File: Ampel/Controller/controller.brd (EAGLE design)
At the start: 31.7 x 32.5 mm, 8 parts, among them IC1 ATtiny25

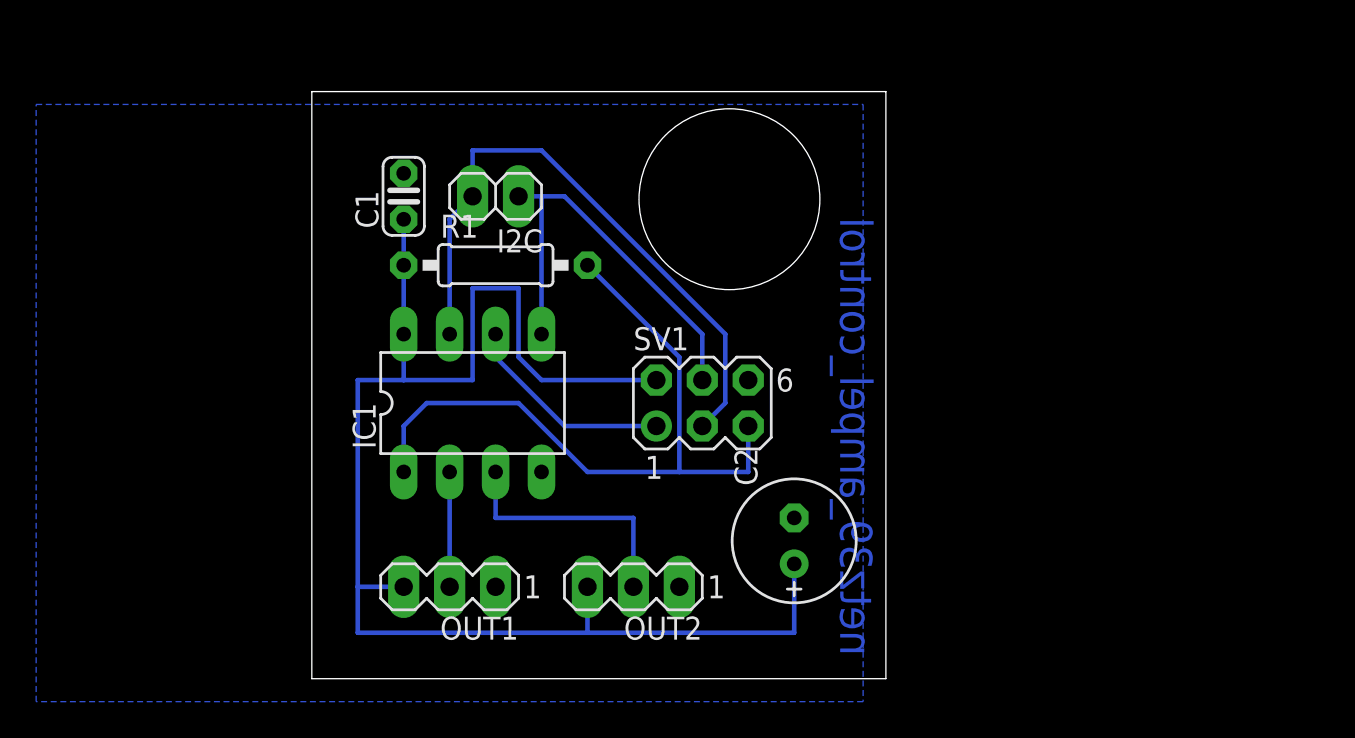
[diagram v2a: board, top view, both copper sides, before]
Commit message: Anpassung an Anschluss vom I2C-Adapter
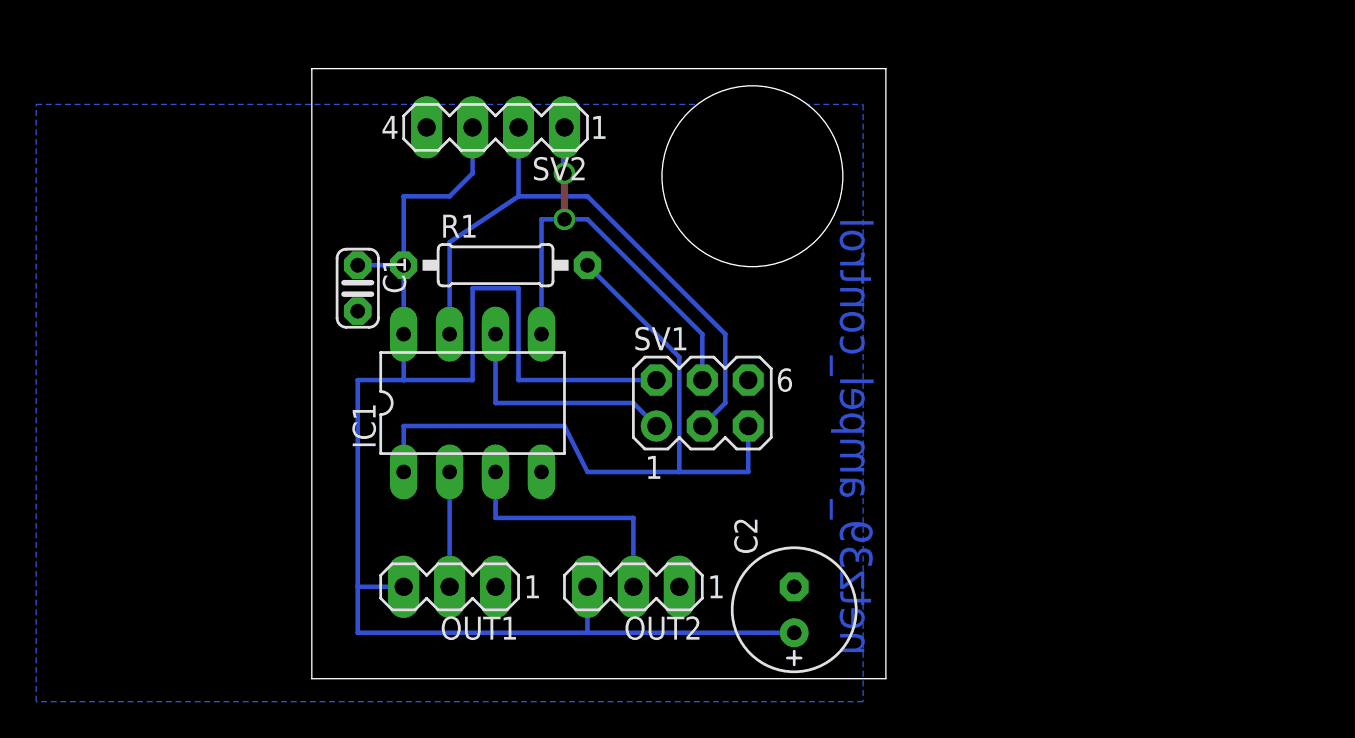
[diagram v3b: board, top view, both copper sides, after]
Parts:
- removed I2C: (no value), pinhead:1X02
- added SV2: (no value), con-lstb:MA04-1
- moved C1 5.68 mm to (2.54, 21.6), turned to 270 degrees
- moved C2 3.81 mm to (26.7, 3.81)
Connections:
- net GND: now also SV2.4
- net MOSI: now also SV2.1; no longer I2C.1
- net SCK: now also SV2.2; no longer I2C.2
- net VCC: now also SV2.3
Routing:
- net VCC: track 81.8 -> 89.4 mm
- net MOSI: track 23.5 -> 25.5 mm, vias 0 -> 2
- net MISO: track 11.7 -> 13.2 mm
- net SCK: track 34.5 -> 33.7 mm
- net RESET: track 39.8 -> 39.2 mm
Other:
- board size 31.7 x 32.5 mm -> 31.7 x 33.7 mm
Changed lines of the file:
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@@
 <plain>
 <wire x1="0" y1="0" x2="31.74" y2="0" width="0" layer="20"/>
-<wire x1="31.74" y1="0" x2="31.74" y2="32.46" width="0" layer="20"/>
-<wire x1="31.74" y1="32.46" x2="0" y2="32.46" width="0" layer="20"/>
-<wire x1="0" y1="32.46" x2="0" y2="0" width="0" layer="20"/>
-<hole x="23.09" y="26.51" drill="10"/>
+<wire x1="31.74" y1="0" x2="31.74" y2="33.73" width="0" layer="20"/>
+<wire x1="31.74" y1="33.73" x2="0" y2="33.73" width="0" layer="20"/>
+<wire x1="0" y1="33.73" x2="0" y2="0" width="0" layer="20"/>
+<hole x="24.36" y="27.78" drill="10"/>
 <text x="29.21" y="1.27" size="1.778" layer="16" font="vector" rot="MR90">netz39_ampel_control</text>
 </plain>
@@
 </element>
 <element name="R1" library="resistor" package="0207/10" value="10K" x="10.16" y="22.86"/>
-<element name="C1" library="resistor" package="C025-024X044" value="10n" x="5.08" y="26.67" rot="R90"/>
+<element name="C1" library="resistor" package="C025-024X044" value="10n" x="2.54" y="21.59" rot="R270"/>
 <element name="SV1" library="con-lstb" package="MA03-2" value="ISP" x="21.59" y="15.24">
 <attribute name="OC_NEWARK" value="unknown" x="40.64" y="-2.54" size="1.778" layer="27" display="off"/>
@@
 <attribute name="OC_FARNELL" value="unknown" x="17.78" y="5.08" size="1.778" layer="27" rot="R180" display="off"/>
 </element>
-<element name="I2C" library="pinhead" package="1X02" value="" x="10.16" y="26.67" rot="R180"/>
-<element name="C2" library="resistor" package="E2,5-7" value="100u" x="26.67" y="7.62" rot="R90"/>
+<element name="C2" library="resistor" package="E2,5-7" value="100u" x="26.67" y="3.81" rot="R90"/>
+<element name="SV2" library="con-lstb" package="MA04-1" value="" x="10.16" y="30.48" rot="R180">
+<attribute name="OC_NEWARK" value="unknown" x="10.16" y="30.48" size="1.778" layer="27" rot="R180" display="off"/>
+<attribute name="MPN" value="" x="10.16" y="30.48" size="1.778" layer="27" rot="R180" display="off"/>
+<attribute name="MF" value="" x="10.16" y="30.48" size="1.778" layer="27" rot="R180" display="off"/>
+<attribute name="OC_FARNELL" value="unknown" x="10.16" y="30.48" size="1.778" layer="27" rot="R180" display="off"/>
+</element>
 </elements>
 <signals>
@@
 <wire x1="2.54" y1="5.08" x2="2.54" y2="2.54" width="0.254" layer="16"/>
 <wire x1="5.08" y1="5.08" x2="2.54" y2="5.08" width="0.254" layer="16"/>
-<wire x1="12.7" y1="16.51" x2="19.05" y2="16.51" width="0.254" layer="16"/>
-<wire x1="11.43" y1="17.78" x2="12.7" y2="16.51" width="0.254" layer="16"/>
-<wire x1="11.43" y1="21.59" x2="11.43" y2="17.78" width="0.254" layer="16"/>
+<wire x1="26.67" y1="2.54" x2="15.24" y2="2.54" width="0.254" layer="16"/>
+<contactref element="SV2" pad="3"/>
+<wire x1="2.54" y1="22.86" x2="5.08" y2="22.86" width="0.254" layer="16"/>
+<wire x1="5.08" y1="22.86" x2="5.08" y2="26.67" width="0.254" layer="16"/>
+<wire x1="5.08" y1="26.67" x2="7.62" y2="26.67" width="0.254" layer="16"/>
+<wire x1="7.62" y1="26.67" x2="8.89" y2="27.94" width="0.254" layer="16"/>
+<wire x1="8.89" y1="27.94" x2="8.89" y2="30.48" width="0.254" layer="16"/>
+<wire x1="5.08" y1="16.51" x2="8.89" y2="16.51" width="0.254" layer="16"/>
+<wire x1="8.89" y1="16.51" x2="8.89" y2="21.59" width="0.254" layer="16"/>
 <wire x1="8.89" y1="21.59" x2="11.43" y2="21.59" width="0.254" layer="16"/>
-<wire x1="8.89" y1="16.51" x2="8.89" y2="21.59" width="0.254" layer="16"/>
-<wire x1="5.08" y1="16.51" x2="8.89" y2="16.51" width="0.254" layer="16"/>
-<wire x1="26.67" y1="6.35" x2="26.67" y2="2.54" width="0.254" layer="16"/>
-<wire x1="26.67" y1="2.54" x2="15.24" y2="2.54" width="0.254" layer="16"/>
-<wire x1="5.08" y1="22.86" x2="5.08" y2="25.4" width="0.254" layer="16"/>
+<wire x1="11.43" y1="21.59" x2="11.43" y2="16.51" width="0.254" layer="16"/>
+<wire x1="11.43" y1="16.51" x2="19.05" y2="16.51" width="0.254" layer="16"/>
 </signal>
 <signal name="GND">
@@
 </polygon>
 <contactref element="C2" pad="-"/>
+<contactref element="SV2" pad="4"/>
+<wire x1="10.16" y1="5.08" x2="12.7" y2="11.43" width="0" layer="19" extent="1-1"/>
 </signal>
 <signal name="RESET">
@@
 <contactref element="IC1" pad="1"/>
 <contactref element="SV1" pad="5"/>
-<wire x1="6.35" y1="15.24" x2="5.08" y2="13.97" width="0.254" layer="16"/>
 <wire x1="5.08" y1="13.97" x2="5.08" y2="11.43" width="0.254" layer="16"/>
-<wire x1="11.43" y1="15.24" x2="6.35" y2="15.24" width="0.254" layer="16"/>
-<wire x1="15.24" y1="11.43" x2="11.43" y2="15.24" width="0.254" layer="16"/>
 <wire x1="24.13" y1="11.43" x2="20.32" y2="11.43" width="0.254" layer="16"/>
 <wire x1="20.32" y1="11.43" x2="15.24" y2="11.43" width="0.254" layer="16"/>
@@
 <wire x1="20.32" y1="17.78" x2="15.24" y2="22.86" width="0.254" layer="16"/>
 <wire x1="20.32" y1="11.43" x2="20.32" y2="17.78" width="0.254" layer="16"/>
+<wire x1="5.08" y1="13.97" x2="13.97" y2="13.97" width="0.254" layer="16"/>
+<wire x1="13.97" y1="13.97" x2="15.24" y2="11.43" width="0.254" layer="16"/>
 </signal>
 <signal name="MISO">
 <contactref element="SV1" pad="1"/>
 <contactref element="IC1" pad="6"/>
-<wire x1="10.16" y1="17.78" x2="10.16" y2="19.05" width="0.254" layer="16"/>
-<wire x1="13.97" y1="13.97" x2="10.16" y2="17.78" width="0.254" layer="16"/>
-<wire x1="19.05" y1="13.97" x2="13.97" y2="13.97" width="0.254" layer="16"/>
+<wire x1="10.16" y1="19.05" x2="10.16" y2="15.24" width="0.254" layer="16"/>
+<wire x1="10.16" y1="15.24" x2="17.78" y2="15.24" width="0.254" layer="16"/>
+<wire x1="17.78" y1="15.24" x2="19.05" y2="13.97" width="0.254" layer="16"/>
 </signal>
 <signal name="SCK">
 <contactref element="SV1" pad="3"/>
 <contactref element="IC1" pad="7"/>
-<contactref element="I2C" pad="2"/>
-<wire x1="8.89" y1="26.67" x2="7.62" y2="25.4" width="0.254" layer="16"/>
-<wire x1="7.62" y1="25.4" x2="7.62" y2="19.05" width="0.254" layer="16"/>
+<wire x1="7.62" y1="24.13" x2="7.62" y2="19.05" width="0.254" layer="16"/>
 <wire x1="22.86" y1="15.24" x2="21.59" y2="13.97" width="0.254" layer="16"/>
 <wire x1="22.86" y1="19.05" x2="22.86" y2="15.24" width="0.254" layer="16"/>
-<wire x1="12.7" y1="29.21" x2="22.86" y2="19.05" width="0.254" layer="16"/>
-<wire x1="8.89" y1="29.21" x2="12.7" y2="29.21" width="0.254" layer="16"/>
-<wire x1="8.89" y1="26.67" x2="8.89" y2="29.21" width="0.254" layer="16"/>
+<wire x1="15.24" y1="26.67" x2="22.86" y2="19.05" width="0.254" layer="16"/>
+<contactref element="SV2" pad="2"/>
+<wire x1="7.62" y1="24.13" x2="11.43" y2="26.67" width="0.254" layer="16"/>
+<wire x1="11.43" y1="26.67" x2="15.24" y2="26.67" width="0.254" layer="16"/>
+<wire x1="11.43" y1="30.48" x2="11.43" y2="26.67" width="0.254" layer="16"/>
 </signal>
 <signal name="MOSI">
 <contactref element="SV1" pad="4"/>
 <contactref element="IC1" pad="5"/>
-<contactref element="I2C" pad="1"/>
-<wire x1="12.7" y1="26.67" x2="12.7" y2="19.05" width="0.254" layer="16"/>
+<wire x1="12.7" y1="25.4" x2="12.7" y2="19.05" width="0.254" layer="16"/>
 <wire x1="21.59" y1="19.05" x2="21.59" y2="16.51" width="0.254" layer="16"/>
-<wire x1="13.97" y1="26.67" x2="21.59" y2="19.05" width="0.254" layer="16"/>
-<wire x1="11.43" y1="26.67" x2="12.7" y2="26.67" width="0.254" layer="16"/>
-<wire x1="12.7" y1="26.67" x2="13.97" y2="26.67" width="0.254" layer="16"/>
+<wire x1="15.24" y1="25.4" x2="21.59" y2="19.05" width="0.254" layer="16"/>
+<wire x1="12.7" y1="25.4" x2="13.97" y2="25.4" width="0.254" layer="16"/>
+<contactref element="SV2" pad="1"/>
+<wire x1="13.97" y1="25.4" x2="15.24" y2="25.4" width="0.254" layer="16"/>
+<wire x1="13.97" y1="30.48" x2="13.97" y2="29.21" width="0.254" layer="16"/>
+<wire x1="13.97" y1="29.21" x2="13.97" y2="27.94" width="0.4064" layer="16"/>
+<via x="13.97" y="27.94" extent="1-16" drill="0.8" diameter="0.254" shape="square"/>
+<via x="13.97" y="25.4" extent="1-16" drill="0.8" diameter="0.254" shape="square"/>
+<wire x1="13.97" y1="27.94" x2="13.97" y2="25.4" width="0.4064" layer="1"/>
 </signal>
 <signal name="N$1">

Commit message: letzte Anpassungen zum Ätzen
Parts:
- moved C1 15.2 mm to (17.8, 21.6)
- moved OUT2 15.2 mm to (33.0, 5.08)
- moved IC1 15.2 mm to (24.1, 15.2)
- moved OUT1 15.2 mm to (22.9, 5.08)
- moved R1 15.2 mm to (25.4, 22.9)
- moved SV1 15.2 mm to (36.8, 15.2)
- moved SV2 15.2 mm to (25.4, 30.5)
- moved C2 15.2 mm to (41.9, 3.81)

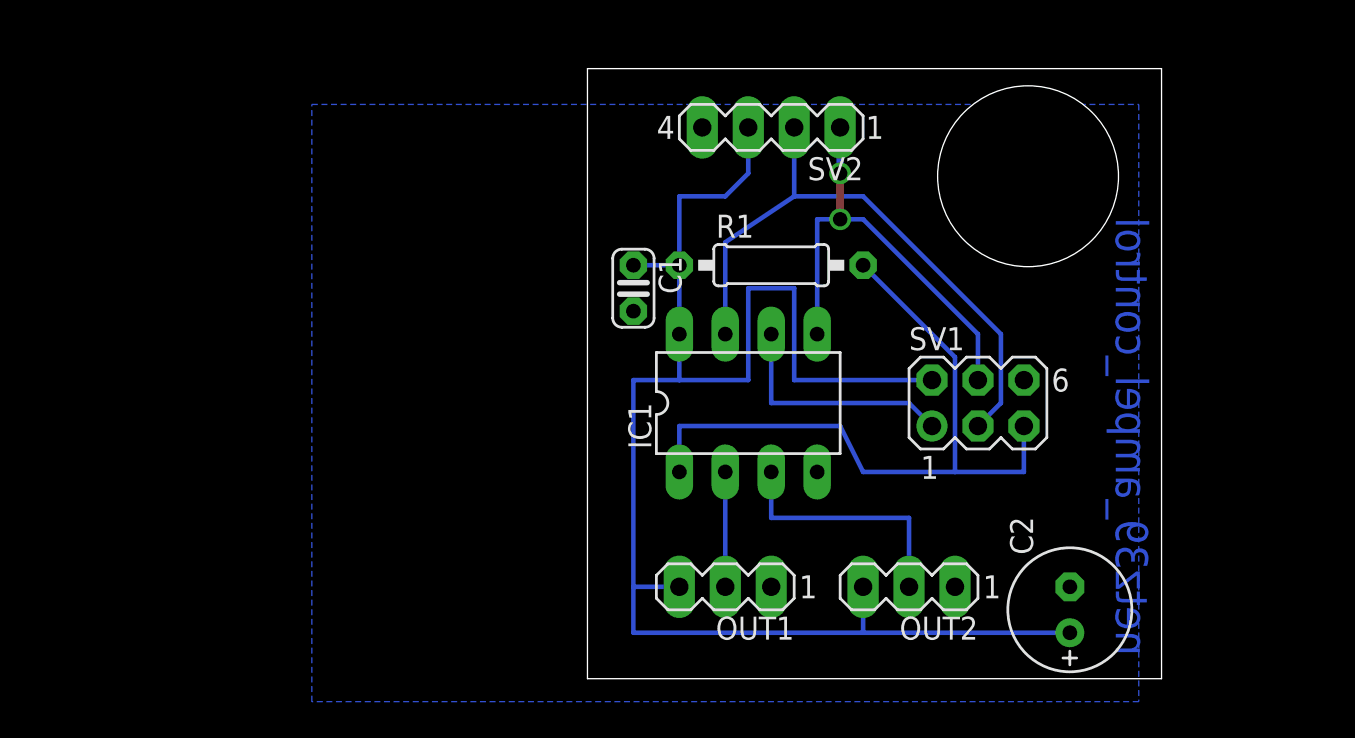
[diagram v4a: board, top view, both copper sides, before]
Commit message: Adapter: stecker angepasst Controller: board redesign
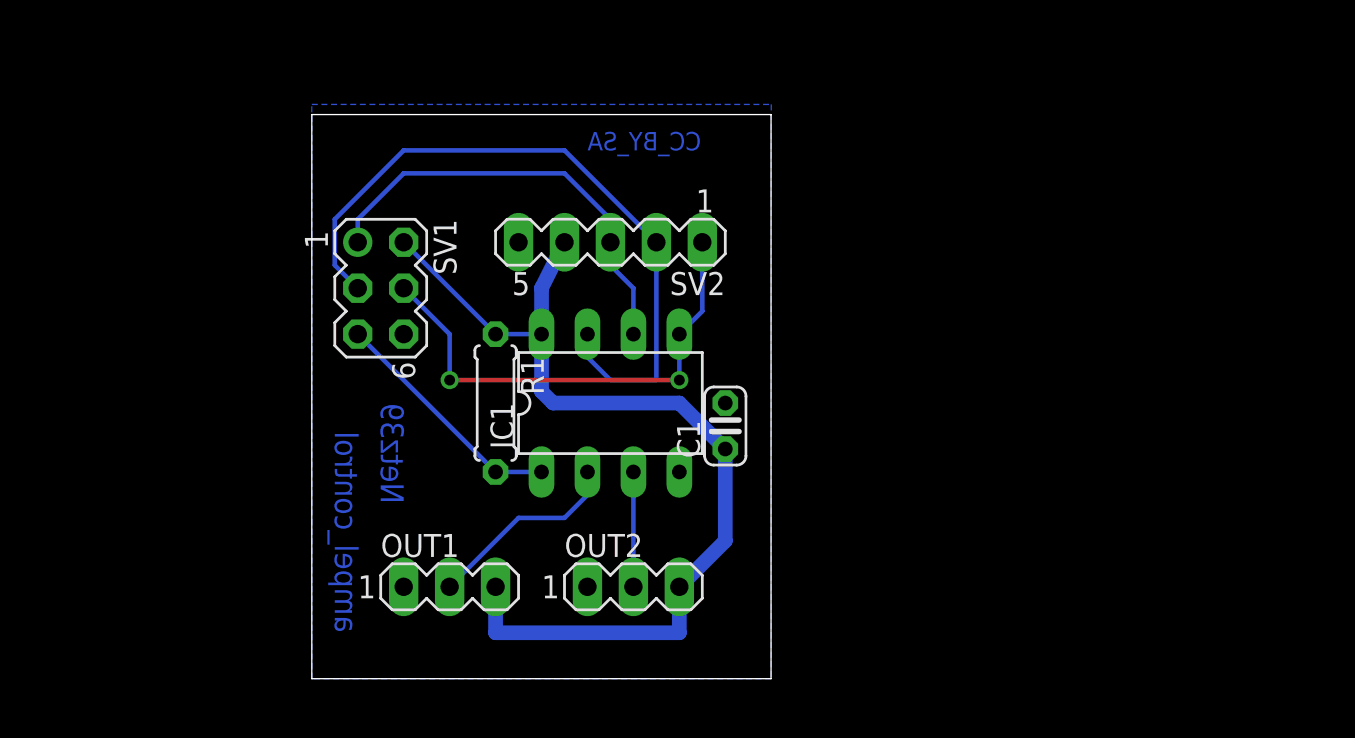
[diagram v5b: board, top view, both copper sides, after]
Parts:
- removed C2: 100u, resistor:E2,5-7
- R1: device resistor:0207/10 -> resistor:0207/7
- SV2: device con-lstb:MA04-1 -> con-lstb:MA05-1
- moved SV1 33.6 mm to (3.81, 21.6), turned to 270 degrees
- moved R1 17.0 mm to (10.2, 15.2), turned to 270 degrees
- moved OUT2 15.2 mm to (17.8, 5.08), turned to 0 degrees
- moved OUT1 15.2 mm to (7.62, 5.08), turned to 0 degrees
- moved SV2 10.9 mm to (16.5, 24.1)
- moved C1 9.16 mm to (22.9, 14.0), turned to 90 degrees
- moved IC1 7.62 mm to (16.5, 15.2)
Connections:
- net GND: now also SV2.5; no longer C2.-, SV2.4
- net MISO: now also SV2.3
- net VCC: now also SV2.4; no longer C2.+, SV2.3
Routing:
- net VCC: track 89.4 -> 53.7 mm
- net RESET: track 39.2 -> 13.3 mm
- net MISO: track 13.2 -> 24.2 mm
- net N$1: track 14.0 -> 6.35 mm
- net SCK: track 33.7 -> 39.0 mm
- net N$2: track 6.35 -> 11.0 mm
- net MOSI: track 25.5 -> 27.0 mm, vias 2 -> 0
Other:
- board size 31.7 x 33.7 mm -> 25.4 x 31.2 mm
- board text added: "CC_BY_SA"
- board text added: "Netz39"
- board text added: "ampel_control"
- board text removed: "netz39_ampel_control"

○ ○ ○ ○

* _Task statement_:
Search the data above for the word "also" and report how many lines contain it, with nothing further.

* _Your response_:
7